> _Task statement_
Find the line holding "fillet(f2_edges, radius=F2_R)" in the entries below. Give it again exactly, along with every line after it up to and including the line holding "Line((-3.4990343146, 28.3214), (-3.4990343146, 28.5215365685))".

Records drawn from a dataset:
■ ■ ■ ■

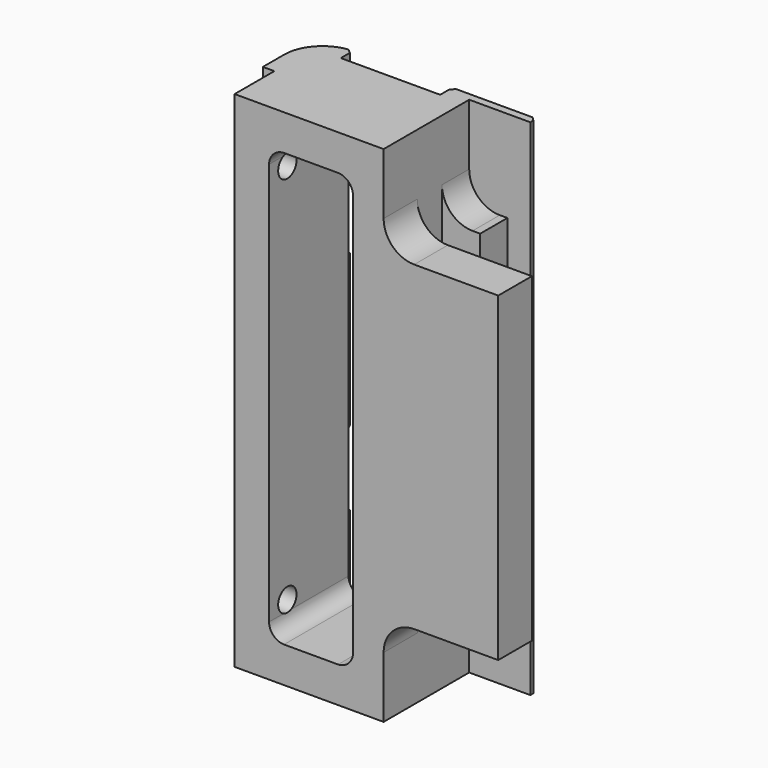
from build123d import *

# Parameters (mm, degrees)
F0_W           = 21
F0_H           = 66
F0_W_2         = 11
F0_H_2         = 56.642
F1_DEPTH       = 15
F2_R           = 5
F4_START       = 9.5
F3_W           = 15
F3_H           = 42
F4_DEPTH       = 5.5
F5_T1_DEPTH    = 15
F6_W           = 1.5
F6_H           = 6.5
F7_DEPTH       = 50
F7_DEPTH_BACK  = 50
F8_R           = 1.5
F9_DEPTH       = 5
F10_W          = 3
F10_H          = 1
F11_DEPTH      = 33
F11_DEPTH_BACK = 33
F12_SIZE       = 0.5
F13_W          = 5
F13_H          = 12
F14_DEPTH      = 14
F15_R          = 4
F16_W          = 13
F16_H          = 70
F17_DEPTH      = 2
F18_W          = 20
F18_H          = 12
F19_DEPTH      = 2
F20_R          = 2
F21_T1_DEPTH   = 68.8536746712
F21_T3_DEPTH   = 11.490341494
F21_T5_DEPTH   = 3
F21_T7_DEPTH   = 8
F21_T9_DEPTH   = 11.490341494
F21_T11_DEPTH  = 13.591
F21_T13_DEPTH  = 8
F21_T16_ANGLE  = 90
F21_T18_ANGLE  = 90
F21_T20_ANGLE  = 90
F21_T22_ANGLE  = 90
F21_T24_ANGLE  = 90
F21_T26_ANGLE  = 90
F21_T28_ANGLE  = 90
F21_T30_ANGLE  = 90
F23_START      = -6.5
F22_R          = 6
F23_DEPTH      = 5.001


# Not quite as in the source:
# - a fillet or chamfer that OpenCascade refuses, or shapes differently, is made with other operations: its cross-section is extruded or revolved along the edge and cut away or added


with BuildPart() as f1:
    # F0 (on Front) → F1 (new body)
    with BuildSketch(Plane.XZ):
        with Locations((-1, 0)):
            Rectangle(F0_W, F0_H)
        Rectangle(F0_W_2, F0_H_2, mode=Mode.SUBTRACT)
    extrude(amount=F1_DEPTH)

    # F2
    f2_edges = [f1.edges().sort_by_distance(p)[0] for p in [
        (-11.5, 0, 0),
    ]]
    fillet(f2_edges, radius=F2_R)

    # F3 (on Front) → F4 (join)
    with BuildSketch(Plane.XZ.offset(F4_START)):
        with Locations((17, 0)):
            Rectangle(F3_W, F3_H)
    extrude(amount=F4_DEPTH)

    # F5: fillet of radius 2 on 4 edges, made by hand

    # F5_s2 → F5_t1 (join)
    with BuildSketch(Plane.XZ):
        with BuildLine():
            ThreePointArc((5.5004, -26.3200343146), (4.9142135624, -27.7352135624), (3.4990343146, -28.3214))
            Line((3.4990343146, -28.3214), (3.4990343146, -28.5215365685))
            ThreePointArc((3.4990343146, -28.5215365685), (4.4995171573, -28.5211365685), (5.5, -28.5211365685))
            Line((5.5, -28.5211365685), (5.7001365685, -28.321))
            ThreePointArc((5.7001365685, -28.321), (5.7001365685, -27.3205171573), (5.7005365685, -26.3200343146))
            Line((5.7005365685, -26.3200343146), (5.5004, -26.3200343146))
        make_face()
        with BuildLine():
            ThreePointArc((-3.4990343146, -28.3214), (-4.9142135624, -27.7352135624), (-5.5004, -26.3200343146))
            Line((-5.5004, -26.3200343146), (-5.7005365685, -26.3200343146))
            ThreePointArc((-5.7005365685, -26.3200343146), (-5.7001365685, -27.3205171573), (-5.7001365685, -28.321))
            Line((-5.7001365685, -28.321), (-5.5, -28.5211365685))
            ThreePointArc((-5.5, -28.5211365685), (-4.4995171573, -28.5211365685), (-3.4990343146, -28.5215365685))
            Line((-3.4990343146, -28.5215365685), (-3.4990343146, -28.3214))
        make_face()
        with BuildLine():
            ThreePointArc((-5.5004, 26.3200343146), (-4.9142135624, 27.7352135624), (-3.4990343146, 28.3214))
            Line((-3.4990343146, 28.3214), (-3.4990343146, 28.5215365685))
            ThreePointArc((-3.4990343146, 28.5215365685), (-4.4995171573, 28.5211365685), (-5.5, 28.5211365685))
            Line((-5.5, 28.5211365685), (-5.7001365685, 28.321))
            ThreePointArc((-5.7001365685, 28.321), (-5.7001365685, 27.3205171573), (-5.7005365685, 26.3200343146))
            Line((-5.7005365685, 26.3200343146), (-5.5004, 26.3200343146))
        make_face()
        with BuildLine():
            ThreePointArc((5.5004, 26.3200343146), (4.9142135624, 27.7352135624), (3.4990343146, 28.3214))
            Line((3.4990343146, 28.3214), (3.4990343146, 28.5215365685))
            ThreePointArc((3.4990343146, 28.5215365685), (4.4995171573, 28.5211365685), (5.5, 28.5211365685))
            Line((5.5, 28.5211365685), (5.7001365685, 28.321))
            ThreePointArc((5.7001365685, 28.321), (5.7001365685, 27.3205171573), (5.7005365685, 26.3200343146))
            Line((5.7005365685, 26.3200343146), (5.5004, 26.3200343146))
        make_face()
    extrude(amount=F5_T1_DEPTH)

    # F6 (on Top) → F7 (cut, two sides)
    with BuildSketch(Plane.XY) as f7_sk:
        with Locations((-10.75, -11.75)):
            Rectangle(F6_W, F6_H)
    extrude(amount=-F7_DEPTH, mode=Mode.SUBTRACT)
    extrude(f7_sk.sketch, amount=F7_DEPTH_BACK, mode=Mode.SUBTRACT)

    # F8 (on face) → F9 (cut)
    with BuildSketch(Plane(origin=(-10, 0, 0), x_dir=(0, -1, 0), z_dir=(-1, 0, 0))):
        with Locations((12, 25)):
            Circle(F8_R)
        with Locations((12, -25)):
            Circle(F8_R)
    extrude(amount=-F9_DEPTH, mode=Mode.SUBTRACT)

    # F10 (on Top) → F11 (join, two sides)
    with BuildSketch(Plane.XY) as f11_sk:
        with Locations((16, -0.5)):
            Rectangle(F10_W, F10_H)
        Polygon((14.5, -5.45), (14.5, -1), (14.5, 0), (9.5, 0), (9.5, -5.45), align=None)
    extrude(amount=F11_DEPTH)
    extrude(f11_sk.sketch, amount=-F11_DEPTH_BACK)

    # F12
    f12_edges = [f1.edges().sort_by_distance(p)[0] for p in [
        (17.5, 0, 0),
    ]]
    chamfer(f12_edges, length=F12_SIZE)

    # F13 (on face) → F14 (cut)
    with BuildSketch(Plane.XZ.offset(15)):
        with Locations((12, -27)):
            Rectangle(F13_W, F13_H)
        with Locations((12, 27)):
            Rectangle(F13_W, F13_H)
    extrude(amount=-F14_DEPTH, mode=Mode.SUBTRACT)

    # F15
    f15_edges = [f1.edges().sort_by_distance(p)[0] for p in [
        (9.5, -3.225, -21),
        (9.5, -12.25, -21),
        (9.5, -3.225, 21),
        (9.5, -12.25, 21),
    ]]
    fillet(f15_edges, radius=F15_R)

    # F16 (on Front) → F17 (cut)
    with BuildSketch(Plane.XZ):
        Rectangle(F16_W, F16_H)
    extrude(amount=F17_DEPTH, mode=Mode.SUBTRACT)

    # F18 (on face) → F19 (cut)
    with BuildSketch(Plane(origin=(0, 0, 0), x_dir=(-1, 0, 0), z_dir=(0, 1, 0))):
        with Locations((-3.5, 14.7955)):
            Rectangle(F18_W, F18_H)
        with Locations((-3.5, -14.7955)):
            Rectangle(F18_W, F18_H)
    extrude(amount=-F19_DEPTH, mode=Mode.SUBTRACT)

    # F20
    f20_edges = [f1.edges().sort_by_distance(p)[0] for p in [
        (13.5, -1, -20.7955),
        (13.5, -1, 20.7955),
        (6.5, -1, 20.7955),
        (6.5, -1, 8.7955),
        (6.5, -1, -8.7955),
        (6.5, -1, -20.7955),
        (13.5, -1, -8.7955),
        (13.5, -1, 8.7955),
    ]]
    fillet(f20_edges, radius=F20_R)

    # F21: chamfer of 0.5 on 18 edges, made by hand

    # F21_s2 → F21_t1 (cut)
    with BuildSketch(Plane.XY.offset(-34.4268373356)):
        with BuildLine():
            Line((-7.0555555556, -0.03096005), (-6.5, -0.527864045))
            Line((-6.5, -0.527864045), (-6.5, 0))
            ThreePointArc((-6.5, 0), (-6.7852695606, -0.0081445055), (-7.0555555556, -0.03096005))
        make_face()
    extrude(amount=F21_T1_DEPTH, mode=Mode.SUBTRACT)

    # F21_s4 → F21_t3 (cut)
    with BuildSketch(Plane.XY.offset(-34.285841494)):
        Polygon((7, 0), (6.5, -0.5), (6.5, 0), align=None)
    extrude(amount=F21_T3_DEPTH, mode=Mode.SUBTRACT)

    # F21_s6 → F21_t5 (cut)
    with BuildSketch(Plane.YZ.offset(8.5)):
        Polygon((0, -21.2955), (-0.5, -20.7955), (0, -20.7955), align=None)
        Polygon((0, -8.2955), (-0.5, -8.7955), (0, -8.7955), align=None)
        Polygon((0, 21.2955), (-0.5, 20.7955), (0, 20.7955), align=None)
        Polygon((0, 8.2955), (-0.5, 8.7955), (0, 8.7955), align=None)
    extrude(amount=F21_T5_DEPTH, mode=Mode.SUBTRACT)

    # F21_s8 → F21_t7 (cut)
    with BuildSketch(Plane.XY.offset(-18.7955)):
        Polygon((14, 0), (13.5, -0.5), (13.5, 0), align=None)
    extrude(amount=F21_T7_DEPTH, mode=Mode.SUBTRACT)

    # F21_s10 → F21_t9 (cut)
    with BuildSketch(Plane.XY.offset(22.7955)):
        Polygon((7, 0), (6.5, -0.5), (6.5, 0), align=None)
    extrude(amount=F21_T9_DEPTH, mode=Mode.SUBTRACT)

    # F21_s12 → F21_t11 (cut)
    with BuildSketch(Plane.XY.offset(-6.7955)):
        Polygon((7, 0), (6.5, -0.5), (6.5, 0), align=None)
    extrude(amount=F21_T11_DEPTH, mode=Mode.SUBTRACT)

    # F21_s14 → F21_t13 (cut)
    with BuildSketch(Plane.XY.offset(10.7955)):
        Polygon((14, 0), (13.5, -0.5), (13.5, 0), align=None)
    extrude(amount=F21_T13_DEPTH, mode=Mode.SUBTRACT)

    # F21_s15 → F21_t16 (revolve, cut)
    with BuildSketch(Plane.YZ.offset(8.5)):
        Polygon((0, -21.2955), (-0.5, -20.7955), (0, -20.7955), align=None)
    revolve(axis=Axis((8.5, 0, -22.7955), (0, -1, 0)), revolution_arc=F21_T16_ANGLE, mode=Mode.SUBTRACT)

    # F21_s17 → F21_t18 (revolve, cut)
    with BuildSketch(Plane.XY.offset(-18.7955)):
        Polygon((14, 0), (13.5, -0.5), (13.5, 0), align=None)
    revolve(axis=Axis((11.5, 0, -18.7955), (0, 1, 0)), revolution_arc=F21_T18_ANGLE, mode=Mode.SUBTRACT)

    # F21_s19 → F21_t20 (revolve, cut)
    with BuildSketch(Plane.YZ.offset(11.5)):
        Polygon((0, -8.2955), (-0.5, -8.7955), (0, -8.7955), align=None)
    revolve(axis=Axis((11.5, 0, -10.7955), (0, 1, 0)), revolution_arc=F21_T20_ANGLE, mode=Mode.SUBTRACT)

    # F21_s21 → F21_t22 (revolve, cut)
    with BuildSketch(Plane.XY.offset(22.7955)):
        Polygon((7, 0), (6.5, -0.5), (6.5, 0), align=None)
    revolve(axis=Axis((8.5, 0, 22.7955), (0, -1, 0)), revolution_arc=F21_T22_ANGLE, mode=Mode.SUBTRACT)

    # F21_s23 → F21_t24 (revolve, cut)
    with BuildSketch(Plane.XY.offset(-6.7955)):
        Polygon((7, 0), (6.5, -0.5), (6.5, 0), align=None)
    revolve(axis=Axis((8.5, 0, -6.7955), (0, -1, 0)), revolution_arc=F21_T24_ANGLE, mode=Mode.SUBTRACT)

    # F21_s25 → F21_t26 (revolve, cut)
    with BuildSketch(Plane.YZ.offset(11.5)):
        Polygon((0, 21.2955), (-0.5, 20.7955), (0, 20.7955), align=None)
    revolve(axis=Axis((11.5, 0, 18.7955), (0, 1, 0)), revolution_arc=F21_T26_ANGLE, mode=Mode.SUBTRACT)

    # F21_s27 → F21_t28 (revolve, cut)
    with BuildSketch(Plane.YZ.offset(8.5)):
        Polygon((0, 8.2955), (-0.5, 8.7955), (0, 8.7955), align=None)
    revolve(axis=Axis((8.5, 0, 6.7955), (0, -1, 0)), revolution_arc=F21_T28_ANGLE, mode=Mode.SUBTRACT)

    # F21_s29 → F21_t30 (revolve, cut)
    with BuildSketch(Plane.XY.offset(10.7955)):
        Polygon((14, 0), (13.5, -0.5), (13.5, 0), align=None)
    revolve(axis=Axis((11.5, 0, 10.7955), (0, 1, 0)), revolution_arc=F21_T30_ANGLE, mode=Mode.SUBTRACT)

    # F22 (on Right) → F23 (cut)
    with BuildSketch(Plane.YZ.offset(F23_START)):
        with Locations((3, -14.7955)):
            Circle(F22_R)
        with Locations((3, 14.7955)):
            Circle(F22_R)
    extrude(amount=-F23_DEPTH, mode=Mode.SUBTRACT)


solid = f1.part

■ ■ ■ ■

> _Result for this task_
    fillet(f2_edges, radius=F2_R)

    # F3 (on Front) → F4 (join)
    with BuildSketch(Plane.XZ.offset(F4_START)):
        with Locations((17, 0)):
            Rectangle(F3_W, F3_H)
    extrude(amount=F4_DEPTH)

    # F5: fillet of radius 2 on 4 edges, made by hand

    # F5_s2 → F5_t1 (join)
    with BuildSketch(Plane.XZ):
        with BuildLine():
            ThreePointArc((5.5004, -26.3200343146), (4.9142135624, -27.7352135624), (3.4990343146, -28.3214))
            Line((3.4990343146, -28.3214), (3.4990343146, -28.5215365685))
            ThreePointArc((3.4990343146, -28.5215365685), (4.4995171573, -28.5211365685), (5.5, -28.5211365685))
            Line((5.5, -28.5211365685), (5.7001365685, -28.321))
            ThreePointArc((5.7001365685, -28.321), (5.7001365685, -27.3205171573), (5.7005365685, -26.3200343146))
            Line((5.7005365685, -26.3200343146), (5.5004, -26.3200343146))
        make_face()
        with BuildLine():
            ThreePointArc((-3.4990343146, -28.3214), (-4.9142135624, -27.7352135624), (-5.5004, -26.3200343146))
            Line((-5.5004, -26.3200343146), (-5.7005365685, -26.3200343146))
            ThreePointArc((-5.7005365685, -26.3200343146), (-5.7001365685, -27.3205171573), (-5.7001365685, -28.321))
            Line((-5.7001365685, -28.321), (-5.5, -28.5211365685))
            ThreePointArc((-5.5, -28.5211365685), (-4.4995171573, -28.5211365685), (-3.4990343146, -28.5215365685))
            Line((-3.4990343146, -28.5215365685), (-3.4990343146, -28.3214))
        make_face()
        with BuildLine():
            ThreePointArc((-5.5004, 26.3200343146), (-4.9142135624, 27.7352135624), (-3.4990343146, 28.3214))
            Line((-3.4990343146, 28.3214), (-3.4990343146, 28.5215365685))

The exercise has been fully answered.